The poorest, meanwhile, end up living on the street or hitting the road. Or they might still be stuck at home in Baton Rouge or Bangkok, unable to relocate to a place where a better life might await them if only the first and last month’s rent weren’t inconceivably expensive.
The federal government could do something
When a state problem spills across a state’s borders—or, in the case of California land use, thousands of local problems do—it’s time for the federal government to see what it can do.
There are legitimate reasons for the federal government to tread lightly. Housing reforms that would work in San Jose may not work in St. Joseph, Missouri. But there are also reforms that make sense anywhere, like re-legalizing smallplexes and making driveways optional.
In an age when domestic migration has fallen to economically dangerous lows, when exclusionary zoning is a crucial force behind the 30-year re-segregation of American schools, and when Gulf hurricanes are sucking wildfire smoke all the way across the Great Plains, national leaders should get to work figuring out what they can agree on.
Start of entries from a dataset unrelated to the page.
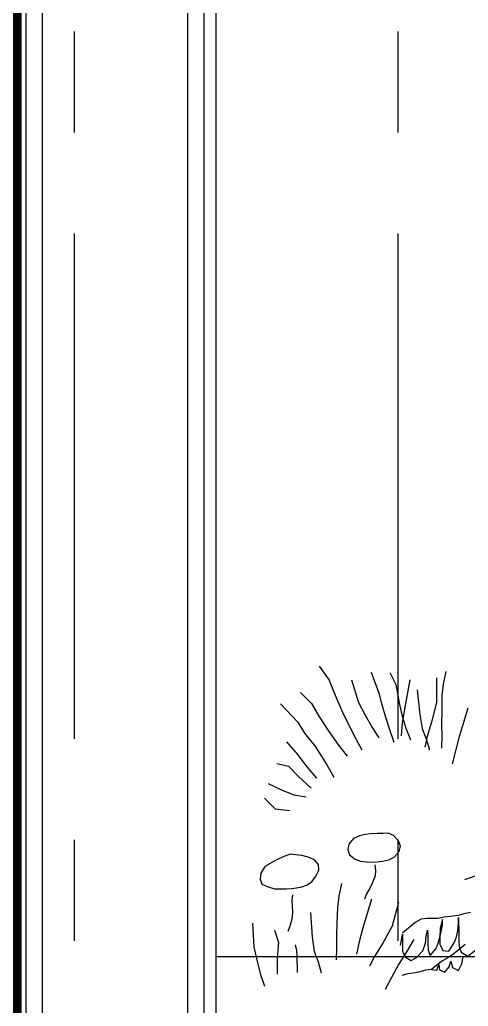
# Model space of a CAD drawing. Header units: metres. Extents: x -58 to 722, y -1100 to 345.
# Drawn here: x 24.969 to 25.523, y 109.64 to 110.861 of the extents above; entities that cross this region are included whole.
import ezdxf

# ---------------------------------------------------------------- set-up
doc = ezdxf.new("R2010")
doc.units = ezdxf.units.M
doc.header["$MEASUREMENT"] = 0
doc.linetypes.add('CENTER2', pattern=[1.125, 0.75, -0.125, 0.125, -0.125])
doc.linetypes.add('CENTERX2', pattern=[4, 2.5, -0.5, 0.5, -0.5])
doc.layers.add('FSR_ARQ_002MURO', color=150, linetype='Continuous', lineweight=30)
for name, color, linetype in [('FSR_ARQ_005VEGETACION', 64, 'Continuous'), ('FSR_ARQ_016EJES', 135, 'CENTER2'), ('FSR_ARQ_29PERFILES ACERO', 143, 'Continuous')]:
    doc.layers.add(name, color=color, linetype=linetype)

# ---------------------------------------------------------------- blocks, each defined once
blk = doc.blocks.new('arbustos 01')
at = {"layer": 'FSR_ARQ_005VEGETACION', "color": 104}
for p, q in [((189.5421, -31.6843), (189.5284, -31.7034)), ((189.3684, -31.6917), (189.3717, -31.709)), ((189.381, -31.7002), (189.381, -31.7343)), ((189.4449, -31.6932), (189.4369, -31.7097)), ((189.4707, -31.6923), (189.4602, -31.7214)), ((189.3717, -31.709), (189.3735, -31.725)), ((189.4175, -31.703), (189.425, -31.7433)), ((189.4369, -31.7097), (189.4322, -31.7345)), ((189.4979, -31.703), (189.4882, -31.7344)), ((189.5284, -31.7034), (189.5225, -31.7185)), ((189.3735, -31.725), (189.3737, -31.7464)), ((189.4077, -31.7169), (189.4041, -31.7505)), ((189.4602, -31.7214), (189.4565, -31.7358)), ((189.5225, -31.7185), (189.5167, -31.7329)), ((189.5676, -31.7205), (189.5526, -31.7358)), ((189.3382, -31.7421), (189.3453, -31.7663)), ((189.381, -31.7343), (189.3873, -31.7593)), ((189.4322, -31.7345), (189.4284, -31.7511)), ((189.4565, -31.7358), (189.4505, -31.7558)), ((189.4882, -31.7344), (189.4796, -31.7508)), ((189.5167, -31.7329), (189.5101, -31.7473)), ((189.5526, -31.7358), (189.5426, -31.7529)), ((189.5951, -31.736), (189.5715, -31.7611)), ((189.3737, -31.7464), (189.374, -31.7631)), ((189.4041, -31.7505), (189.4009, -31.7698)), ((189.4284, -31.7511), (189.4231, -31.7696)), ((189.425, -31.7433), (189.428, -31.7627)), ((189.4505, -31.7558), (189.446, -31.7702)), ((189.4796, -31.7508), (189.4695, -31.7686)), ((189.5101, -31.7473), (189.5007, -31.7672)), ((189.5426, -31.7529), (189.5297, -31.7727)), ((189.3453, -31.7663), (189.3498, -31.781)), ((189.374, -31.7631), (189.3736, -31.7804)), ((189.3873, -31.7593), (189.3938, -31.781)), ((189.4231, -31.7696), (189.4165, -31.7854)), ((189.428, -31.7627), (189.4297, -31.7801)), ((189.4695, -31.7686), (189.4602, -31.7829)), ((189.5007, -31.7672), (189.4913, -31.785)), ((189.5715, -31.7611), (189.5621, -31.7762)), ((189.3498, -31.781), (189.3549, -31.8005)), ((189.3736, -31.7804), (189.374, -31.797)), ((189.3938, -31.781), (189.3969, -31.7956)), ((189.4009, -31.7698), (189.395, -31.7842)), ((189.446, -31.7702), (189.4394, -31.7888)), ((189.5297, -31.7727), (189.5154, -31.7931)), ((189.5621, -31.7762), (189.5472, -31.7952)), ((189.395, -31.7842), (189.3905, -31.7994)), ((189.4913, -31.785), (189.4834, -31.7994)), ((189.5154, -31.7931), (189.5039, -31.8081)), ((189.5472, -31.7952), (189.5314, -31.8198)), ((189.5872, -31.7885), (189.5715, -31.8062)), ((189.3549, -31.8005), (189.3594, -31.8186)), ((189.5715, -31.8062), (189.5608, -31.8205)), ((189.5314, -31.8198), (189.522, -31.8369)), ((189.5608, -31.8205), (189.5458, -31.8382)), ((189.5841, -31.8216), (189.5707, -31.8358)), ((189.6002, -31.8181), (189.5841, -31.8216)), ((189.5707, -31.8358), (189.553, -31.852)), ((189.6123, -31.8454), (189.5937, -31.8544)), ((189.5769, -31.861), (189.5602, -31.8641)), ((189.5937, -31.8544), (189.5769, -31.861)), ((189.6174, -31.8656), (189.6028, -31.8803)), ((189.6028, -31.8803), (189.5826, -31.8826)), ((189.4334, -31.9244), (189.4401, -31.917)), ((189.4401, -31.917), (189.4473, -31.9141)), ((189.4473, -31.9141), (189.4548, -31.9142)), ((189.4548, -31.9142), (189.4619, -31.9144)), ((189.4625, -31.9144), (189.4708, -31.9149)), ((189.4708, -31.9149), (189.4793, -31.9159)), ((189.4793, -31.9159), (189.4866, -31.9175)), ((189.4866, -31.9175), (189.495, -31.9211)), ((189.4304, -31.9318), (189.4334, -31.9244)), ((189.4322, -31.9391), (189.4304, -31.9318)), ((189.495, -31.9211), (189.5014, -31.9289)), ((189.5014, -31.9289), (189.5029, -31.9362)), ((189.4393, -31.9468), (189.4322, -31.9391)), ((189.5005, -31.9435), (189.4929, -31.9496)), ((189.5029, -31.9362), (189.5005, -31.9435)), ((189.5572, -31.9467), (189.5661, -31.9446)), ((189.5661, -31.9446), (189.5744, -31.9437)), ((189.5744, -31.9437), (189.5823, -31.9429)), ((189.582, -31.9429), (189.5892, -31.9455)), ((189.5892, -31.9455), (189.5967, -31.9487)), ((189.4467, -31.9506), (189.4393, -31.9468)), ((189.4546, -31.9524), (189.4467, -31.9506)), ((189.4627, -31.9535), (189.4546, -31.9524)), ((189.4698, -31.9536), (189.4627, -31.9535)), ((189.4658, -31.9576), (189.4647, -31.9651)), ((189.4771, -31.9532), (189.4698, -31.9536)), ((189.4852, -31.9523), (189.4771, -31.9532)), ((189.4929, -31.9496), (189.4852, -31.9523)), ((189.5425, -31.9647), (189.5432, -31.9572)), ((189.5432, -31.9572), (189.5484, -31.9507)), ((189.5484, -31.9507), (189.5572, -31.9467)), ((189.5967, -31.9487), (189.6038, -31.9522)), ((189.6038, -31.9522), (189.6105, -31.956)), ((189.6105, -31.956), (189.617, -31.9605)), ((189.4647, -31.9651), (189.4654, -31.9727)), ((189.4654, -31.9727), (189.4689, -31.9818)), ((189.5466, -31.9732), (189.5425, -31.9647)), ((189.617, -31.9605), (189.6221, -31.9691)), ((189.6221, -31.9691), (189.6234, -31.9771)), ((189.4689, -31.9818), (189.4726, -31.9896)), ((189.5114, -31.983), (189.515, -32.0002)), ((189.5524, -31.981), (189.5466, -31.9732)), ((189.5594, -31.9852), (189.5524, -31.981)), ((189.5661, -31.9875), (189.5594, -31.9852)), ((189.621, -31.9839), (189.6122, -31.9879)), ((189.6234, -31.9771), (189.621, -31.9839)), ((189.4726, -31.9896), (189.4771, -31.9975)), ((189.4771, -31.9975), (189.4797, -32.0048)), ((189.515, -32.0002), (189.517, -32.0161)), ((189.5731, -31.989), (189.5661, -31.9875)), ((189.5802, -31.9901), (189.5731, -31.989)), ((189.5786, -31.9987), (189.5795, -32.0068)), ((189.5786, -31.9987), (189.5795, -32.0068)), ((189.5876, -31.9906), (189.5802, -31.9901)), ((189.595, -31.9906), (189.5876, -31.9906)), ((189.6034, -31.9905), (189.595, -31.9906)), ((189.6122, -31.9879), (189.6034, -31.9905)), ((189.4334, -32.0087), (189.4419, -32.0417)), ((189.4334, -32.0087), (189.4419, -32.0417)), ((189.4705, -32.0048), (189.4821, -32.0441)), ((189.4705, -32.0048), (189.4821, -32.0441)), ((189.5795, -32.0068), (189.5791, -32.0141)), ((189.5795, -32.0068), (189.5791, -32.0141)), ((189.3345, -32.0232), (189.3434, -32.0248)), ((189.3434, -32.0248), (189.3515, -32.0271)), ((189.3515, -32.0271), (189.3612, -32.0287)), ((189.517, -32.0161), (189.5177, -32.0376)), ((189.5541, -32.0231), (189.5516, -32.0567)), ((189.5541, -32.0231), (189.5516, -32.0567)), ((189.5791, -32.0141), (189.5789, -32.0234)), ((189.5791, -32.0141), (189.5789, -32.0234)), ((189.5789, -32.0234), (189.5798, -32.0322)), ((189.5789, -32.0234), (189.5798, -32.0322)), ((189.3506, -32.0372), (189.3504, -32.0457)), ((189.351, -32.0297), (189.3506, -32.0372)), ((189.3508, -32.0378), (189.351, -32.0297)), ((189.3519, -32.0484), (189.3508, -32.0378)), ((189.3612, -32.0287), (189.3701, -32.0296)), ((189.3701, -32.0296), (189.379, -32.0312)), ((189.3728, -32.0405), (189.3726, -32.0327)), ((189.3726, -32.0327), (189.3758, -32.0445)), ((189.3745, -32.0493), (189.3728, -32.0405)), ((189.379, -32.0312), (189.3864, -32.0313)), ((189.3864, -32.0313), (189.3938, -32.0314)), ((189.3938, -32.0314), (189.402, -32.0322)), ((189.402, -32.0322), (189.4101, -32.0368)), ((189.4101, -32.0368), (189.4196, -32.0444)), ((189.5177, -32.0376), (189.5183, -32.0542)), ((189.5798, -32.0322), (189.5821, -32.0402)), ((189.5798, -32.0322), (189.5821, -32.0402)), ((189.5821, -32.0402), (189.585, -32.049)), ((189.5821, -32.0402), (189.585, -32.049)), ((189.6335, -32.0376), (189.6321, -32.0704)), ((189.6335, -32.0376), (189.6321, -32.0704)), ((189.3503, -32.0538), (189.3502, -32.0616)), ((189.3504, -32.0457), (189.3503, -32.0538)), ((189.3536, -32.0563), (189.3519, -32.0484)), ((189.3765, -32.0575), (189.3745, -32.0493)), ((189.3758, -32.0445), (189.3765, -32.0572)), ((189.3935, -32.0472), (189.3928, -32.055)), ((189.3952, -32.0562), (189.3935, -32.0472)), ((189.4196, -32.0444), (189.4277, -32.0512)), ((189.4278, -32.053), (189.4277, -32.0603)), ((189.4289, -32.0612), (189.4278, -32.053)), ((189.4419, -32.0417), (189.4544, -32.0643)), ((189.4419, -32.0417), (189.4544, -32.0643)), ((189.4821, -32.0441), (189.4872, -32.0631)), ((189.4821, -32.0441), (189.4872, -32.0631)), ((189.5183, -32.0542), (189.5182, -32.0716)), ((189.6035, -32.0472), (189.5979, -32.0641)), ((189.6035, -32.0472), (189.5979, -32.0641)), ((189.3417, -32.0668), (189.3491, -32.0728)), ((189.3502, -32.0616), (189.3498, -32.0698)), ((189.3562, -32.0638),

As I wrote last year, there’s been a rapid shift in the national politics of housing abundance. As my colleague Dan wrote last week, there are already good bills in Congress. Congress could incentivize states to pass laws like Oregon has, or directly reward cities and counties that allow more homes. Local advocates have been floating data-driven methods for identifying exclusionary neighborhoods that could be built into laws, administrative rules or judicial review.
What’s missing, so far, is a chance for Congress to vote.